Thlazole, Imidazo !, Pyrazole, Oxadiazole, Thiadiazole and Triazole. Specific examples are low molecular weight i

Electron donors, such as hexamethylenediamine, N- (4-aminobutyl) -cadaverine, asam.-didodecylhydrazine,!

p-toluldine, 4-amino-o-xylene, N.N'-diphenyl-1-4-diaminoethane. o-, m- or p-ditolylamine, triphenyl- j

amine, diphenylmethane, triphenylmethane, durol, 2-bromo-3,7-dimethylnaphthalene, 2,3,5-trimethyinaph- «5 thalin, N'-O-bromophenyD-N-iß-naphthyD-urea, M-methyl-N- (α-naphthyl) -urea. N, N'-DIethyl-N- (a-naphthyI) urea, 2,6-dimethylanthracene, anthracene, 2-phenylanthracene, 9,10-diphenylanthracene, 9,9'-BianthranyI, 2-dimethylaminoanthracene, phenanthrene, 9-aminophenanthrene, 3,6-dimethyl

phenanthrene, SJ-Dlbromo ^ -phenylindole, 2,3-Dlmethyllndolln, 3-indolylmethylamln, carbazole, 2-methylcarbazole, N-Ethylcarbazole, 9-Phenylcarbazole, 1,1-Dicarbazole, 3- (p-Methoxyphenyl) -oxazolldln, 3,4,5-Trlmethylisooxazole, 2-Anlllno-4,5-diphenylthlazole, 2,4,5-TrlnltrophenyIlmldazole, 4-Amlno-3,5-dlmethyl-1-phenylpyrazole, 2,5-D! Phenyl-1,3,4-oxadlazole, 1,3,5-tri-phenyl-1,2,4-trlazole, l-Amino-5-phenyltetrazole and Bls-dlethylaminophenyl-l ^ ö-oxadlazole. Specific examples of high molecular weight Electron donors are poly-N-vinylcarbazole and its derivatives (e.g. those with halogen atoms, such as ChIr "or bromine, or substituents such as methyl or amino on the carbazoy skeleton), polyvinylpyrene, Polyi-sTiylanthracen, pyrene-formaldehyde-polycondensates and their derivatives (e.g. those with halogen atoms, such as bromine, or substituents such as nitro, on the pyrene framework).

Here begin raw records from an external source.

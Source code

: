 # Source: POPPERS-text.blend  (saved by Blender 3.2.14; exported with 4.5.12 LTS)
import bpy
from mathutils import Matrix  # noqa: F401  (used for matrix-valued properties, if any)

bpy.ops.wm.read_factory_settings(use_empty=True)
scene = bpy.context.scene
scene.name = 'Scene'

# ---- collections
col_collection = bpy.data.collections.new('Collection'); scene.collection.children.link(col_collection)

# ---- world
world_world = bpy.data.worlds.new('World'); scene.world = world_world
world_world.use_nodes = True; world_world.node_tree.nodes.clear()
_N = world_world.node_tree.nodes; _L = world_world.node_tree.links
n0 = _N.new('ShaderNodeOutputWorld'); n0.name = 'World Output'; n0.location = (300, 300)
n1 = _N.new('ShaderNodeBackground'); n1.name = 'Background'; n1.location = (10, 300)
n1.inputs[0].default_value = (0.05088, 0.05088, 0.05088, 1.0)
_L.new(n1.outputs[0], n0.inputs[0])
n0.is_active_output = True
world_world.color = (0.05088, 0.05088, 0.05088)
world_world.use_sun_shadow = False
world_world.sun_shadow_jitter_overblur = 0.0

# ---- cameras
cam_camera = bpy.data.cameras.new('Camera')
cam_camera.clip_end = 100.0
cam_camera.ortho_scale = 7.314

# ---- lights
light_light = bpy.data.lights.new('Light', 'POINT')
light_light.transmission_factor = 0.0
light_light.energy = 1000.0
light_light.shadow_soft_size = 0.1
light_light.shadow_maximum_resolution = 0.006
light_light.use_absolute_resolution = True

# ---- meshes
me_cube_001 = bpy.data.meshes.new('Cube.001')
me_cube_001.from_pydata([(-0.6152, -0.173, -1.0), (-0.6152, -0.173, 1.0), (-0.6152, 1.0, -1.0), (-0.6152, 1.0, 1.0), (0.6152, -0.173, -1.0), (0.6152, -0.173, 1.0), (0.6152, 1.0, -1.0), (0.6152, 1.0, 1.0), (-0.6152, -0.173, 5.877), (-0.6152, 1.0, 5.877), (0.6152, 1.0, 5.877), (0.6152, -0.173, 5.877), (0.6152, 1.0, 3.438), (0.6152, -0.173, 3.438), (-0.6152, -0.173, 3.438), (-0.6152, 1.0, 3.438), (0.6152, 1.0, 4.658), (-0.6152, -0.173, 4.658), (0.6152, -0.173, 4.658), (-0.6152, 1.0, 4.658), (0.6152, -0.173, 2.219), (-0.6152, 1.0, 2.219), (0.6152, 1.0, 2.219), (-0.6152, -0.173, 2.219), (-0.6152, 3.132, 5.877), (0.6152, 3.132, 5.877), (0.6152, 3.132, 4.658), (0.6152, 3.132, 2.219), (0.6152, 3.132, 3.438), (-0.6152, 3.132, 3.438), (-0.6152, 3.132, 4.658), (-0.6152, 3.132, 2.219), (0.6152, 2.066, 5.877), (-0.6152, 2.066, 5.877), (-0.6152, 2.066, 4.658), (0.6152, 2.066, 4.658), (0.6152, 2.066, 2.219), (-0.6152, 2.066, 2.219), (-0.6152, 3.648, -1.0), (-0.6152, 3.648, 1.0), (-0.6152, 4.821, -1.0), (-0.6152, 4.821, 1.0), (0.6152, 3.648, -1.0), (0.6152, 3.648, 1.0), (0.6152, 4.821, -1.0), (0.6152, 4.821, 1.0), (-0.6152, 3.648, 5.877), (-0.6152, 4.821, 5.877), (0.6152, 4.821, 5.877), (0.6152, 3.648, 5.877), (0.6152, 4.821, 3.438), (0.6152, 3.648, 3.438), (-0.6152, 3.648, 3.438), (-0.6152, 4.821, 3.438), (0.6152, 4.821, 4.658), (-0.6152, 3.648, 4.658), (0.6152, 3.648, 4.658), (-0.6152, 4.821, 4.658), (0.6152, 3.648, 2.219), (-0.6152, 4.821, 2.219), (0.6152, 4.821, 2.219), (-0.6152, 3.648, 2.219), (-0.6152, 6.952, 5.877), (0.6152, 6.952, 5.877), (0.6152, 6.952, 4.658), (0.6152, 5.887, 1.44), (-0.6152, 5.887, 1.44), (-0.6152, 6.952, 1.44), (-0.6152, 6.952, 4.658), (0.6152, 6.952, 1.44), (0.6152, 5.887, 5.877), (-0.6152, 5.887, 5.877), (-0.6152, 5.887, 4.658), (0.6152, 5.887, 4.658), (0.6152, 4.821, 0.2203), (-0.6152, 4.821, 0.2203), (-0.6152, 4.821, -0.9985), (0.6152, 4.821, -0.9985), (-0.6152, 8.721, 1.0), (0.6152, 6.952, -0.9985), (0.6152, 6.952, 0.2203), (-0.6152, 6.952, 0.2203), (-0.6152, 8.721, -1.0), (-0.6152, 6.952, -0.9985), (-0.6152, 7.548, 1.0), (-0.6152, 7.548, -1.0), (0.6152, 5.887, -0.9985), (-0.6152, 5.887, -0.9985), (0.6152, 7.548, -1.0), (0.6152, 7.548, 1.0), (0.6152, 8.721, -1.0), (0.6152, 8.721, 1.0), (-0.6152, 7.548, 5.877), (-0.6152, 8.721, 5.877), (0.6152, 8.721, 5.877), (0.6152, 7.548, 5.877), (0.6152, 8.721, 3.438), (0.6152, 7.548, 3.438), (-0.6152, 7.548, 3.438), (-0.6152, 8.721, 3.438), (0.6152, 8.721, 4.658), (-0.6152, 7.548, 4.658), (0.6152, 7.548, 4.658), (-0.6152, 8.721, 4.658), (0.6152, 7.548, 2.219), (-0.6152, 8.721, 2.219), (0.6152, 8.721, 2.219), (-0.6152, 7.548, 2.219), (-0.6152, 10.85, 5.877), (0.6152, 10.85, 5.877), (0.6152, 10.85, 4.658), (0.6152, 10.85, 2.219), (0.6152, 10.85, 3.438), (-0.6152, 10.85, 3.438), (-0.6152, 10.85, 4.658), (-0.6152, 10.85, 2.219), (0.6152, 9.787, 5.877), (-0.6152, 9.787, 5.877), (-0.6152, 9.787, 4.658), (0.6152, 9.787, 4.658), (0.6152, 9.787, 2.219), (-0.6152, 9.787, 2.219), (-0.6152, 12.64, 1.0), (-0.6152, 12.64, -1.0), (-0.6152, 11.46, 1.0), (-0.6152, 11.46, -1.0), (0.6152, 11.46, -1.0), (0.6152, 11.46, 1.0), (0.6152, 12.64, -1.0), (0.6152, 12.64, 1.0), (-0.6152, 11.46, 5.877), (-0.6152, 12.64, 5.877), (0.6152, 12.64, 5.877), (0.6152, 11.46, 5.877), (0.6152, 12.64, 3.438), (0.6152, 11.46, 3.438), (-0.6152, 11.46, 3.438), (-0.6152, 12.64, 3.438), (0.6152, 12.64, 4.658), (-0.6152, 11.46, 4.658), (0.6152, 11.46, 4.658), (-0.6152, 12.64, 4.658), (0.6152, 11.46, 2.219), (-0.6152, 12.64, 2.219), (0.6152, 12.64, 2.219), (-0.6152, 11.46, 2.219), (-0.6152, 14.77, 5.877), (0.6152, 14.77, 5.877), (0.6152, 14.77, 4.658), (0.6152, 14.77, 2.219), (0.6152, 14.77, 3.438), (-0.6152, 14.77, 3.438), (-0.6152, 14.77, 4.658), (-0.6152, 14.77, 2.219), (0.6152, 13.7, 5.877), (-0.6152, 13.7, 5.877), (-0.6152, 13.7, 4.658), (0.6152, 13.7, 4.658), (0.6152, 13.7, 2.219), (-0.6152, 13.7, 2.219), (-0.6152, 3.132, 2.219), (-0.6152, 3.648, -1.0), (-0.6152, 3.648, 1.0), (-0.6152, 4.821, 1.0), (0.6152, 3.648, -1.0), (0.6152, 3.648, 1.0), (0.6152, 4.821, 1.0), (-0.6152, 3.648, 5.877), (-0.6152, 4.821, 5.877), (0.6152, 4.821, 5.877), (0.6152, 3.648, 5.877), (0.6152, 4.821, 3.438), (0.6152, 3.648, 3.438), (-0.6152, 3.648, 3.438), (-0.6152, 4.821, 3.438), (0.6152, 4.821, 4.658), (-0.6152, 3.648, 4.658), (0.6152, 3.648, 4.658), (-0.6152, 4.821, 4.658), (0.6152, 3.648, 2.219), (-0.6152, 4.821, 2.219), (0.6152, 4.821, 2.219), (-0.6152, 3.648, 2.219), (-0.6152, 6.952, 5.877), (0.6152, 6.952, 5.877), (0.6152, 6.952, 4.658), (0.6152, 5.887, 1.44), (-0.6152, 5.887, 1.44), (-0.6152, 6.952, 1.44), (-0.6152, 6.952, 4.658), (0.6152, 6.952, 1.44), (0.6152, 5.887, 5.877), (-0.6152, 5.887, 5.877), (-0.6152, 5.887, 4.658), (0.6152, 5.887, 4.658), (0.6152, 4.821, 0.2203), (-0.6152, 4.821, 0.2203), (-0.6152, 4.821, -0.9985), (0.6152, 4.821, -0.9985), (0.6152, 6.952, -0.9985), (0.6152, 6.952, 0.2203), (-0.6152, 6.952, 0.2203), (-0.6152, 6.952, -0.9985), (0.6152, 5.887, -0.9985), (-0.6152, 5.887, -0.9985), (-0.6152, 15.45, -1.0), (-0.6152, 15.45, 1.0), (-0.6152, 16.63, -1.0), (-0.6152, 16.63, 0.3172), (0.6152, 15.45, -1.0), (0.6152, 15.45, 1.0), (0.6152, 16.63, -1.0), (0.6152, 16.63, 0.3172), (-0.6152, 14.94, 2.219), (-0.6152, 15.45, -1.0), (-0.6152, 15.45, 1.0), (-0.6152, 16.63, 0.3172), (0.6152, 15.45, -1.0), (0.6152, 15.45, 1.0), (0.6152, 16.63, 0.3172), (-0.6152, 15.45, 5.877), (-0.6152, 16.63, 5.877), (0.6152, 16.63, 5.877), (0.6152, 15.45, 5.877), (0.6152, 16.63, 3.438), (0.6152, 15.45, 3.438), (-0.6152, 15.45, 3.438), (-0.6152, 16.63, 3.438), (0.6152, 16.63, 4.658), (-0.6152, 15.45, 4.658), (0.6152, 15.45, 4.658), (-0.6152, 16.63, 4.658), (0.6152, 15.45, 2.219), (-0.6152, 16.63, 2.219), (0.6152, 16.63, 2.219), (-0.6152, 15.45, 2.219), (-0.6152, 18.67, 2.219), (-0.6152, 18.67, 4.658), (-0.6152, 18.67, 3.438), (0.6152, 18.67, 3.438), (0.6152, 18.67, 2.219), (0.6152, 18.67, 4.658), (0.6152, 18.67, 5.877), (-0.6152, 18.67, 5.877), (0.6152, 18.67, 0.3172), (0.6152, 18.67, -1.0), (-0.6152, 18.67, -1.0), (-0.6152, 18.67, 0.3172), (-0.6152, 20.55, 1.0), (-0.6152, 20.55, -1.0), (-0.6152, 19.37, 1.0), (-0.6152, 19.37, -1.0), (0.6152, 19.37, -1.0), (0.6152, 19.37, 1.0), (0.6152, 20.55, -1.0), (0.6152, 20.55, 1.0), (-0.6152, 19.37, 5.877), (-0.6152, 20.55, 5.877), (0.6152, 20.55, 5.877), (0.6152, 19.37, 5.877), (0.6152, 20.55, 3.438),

b) Sensitive to light in the blue range and essentially transparent to light in the blue complementary moose (red area):

Mixtures of inorganic pigments, such as cadmium sulfide and zinc oxide, with the above-mentioned oils.

The single layer second photoconductive layer can be made using conventional solutions and Dlsperslonsbeschlchtung.

2. In the case of the multilayer, second photoconductive layer 4 ':
2-1. Charge carrier generating layer 41

This layer corresponds to the charge carrier generating layer for the first photoconductive layer.
2-2. Charge transport layer 42

This layer corresponds to the charge transport layer for the first photoconductive layer with the Exception that, instead of the specific electron donor, the electron donor for the first photocellable Layer is used.

Preferably, the single-layer second photoconductive layer 4 has a thickness of 10 to 30 µm Charge carrier-generating layer 41 for the multi-layered second photoleltfahlge layer 4 'has a thickness from 0.1 to 1 μm and the charge-transporting layer 42 has a thickness of 10 to 30 μm.

If necessary, there is a photoconductive seal between the first photoconductive layer 2 and the second Layer 4, 4 'a current-regulating intermediate layer 3 is provided to allow the passage of electrical To prevent current between these layers and possibly to increase the optical filter effect. the Current-regulating intermediate layer is made of an organic material, e.g. B. one of the named Binding resins, or an inorganic material such as silicon oxide or magnesium fluoride. The thickness of this layer is preferably 0.3 to 3 µm. You can z. B. according to one of the following Process are produced:

1) Organic materials soluble in a solvent, such as polyester, urethane or phenolic resins, are dissolved in a solvent to a concentration of 5 to 20 percent by weight. The received The solution is applied, heated and dried using a squeegee or by dipping. Possibly the polymerization or curing can be promoted by UV irradiation.

2) In the case of a polymerisation of a material insoluble in organic solvents, such as Polyethylene or fluororesins, produced intermediate layer can this with an adhesive, z. B. a solvent-soluble resin, to be laminated on the first photoconductive layer and the second A photoconductive layer can be formed on this film.

3) In the case of polyxylene, which can be polymerized into a film. can do this directly on the first photo Layer are polymerized.

4) In the case of inorganic materlallen or some organic materials, e.g. B. fluororesins, can the intermediate layer can be produced by vacuum vapor deposition or sputtering.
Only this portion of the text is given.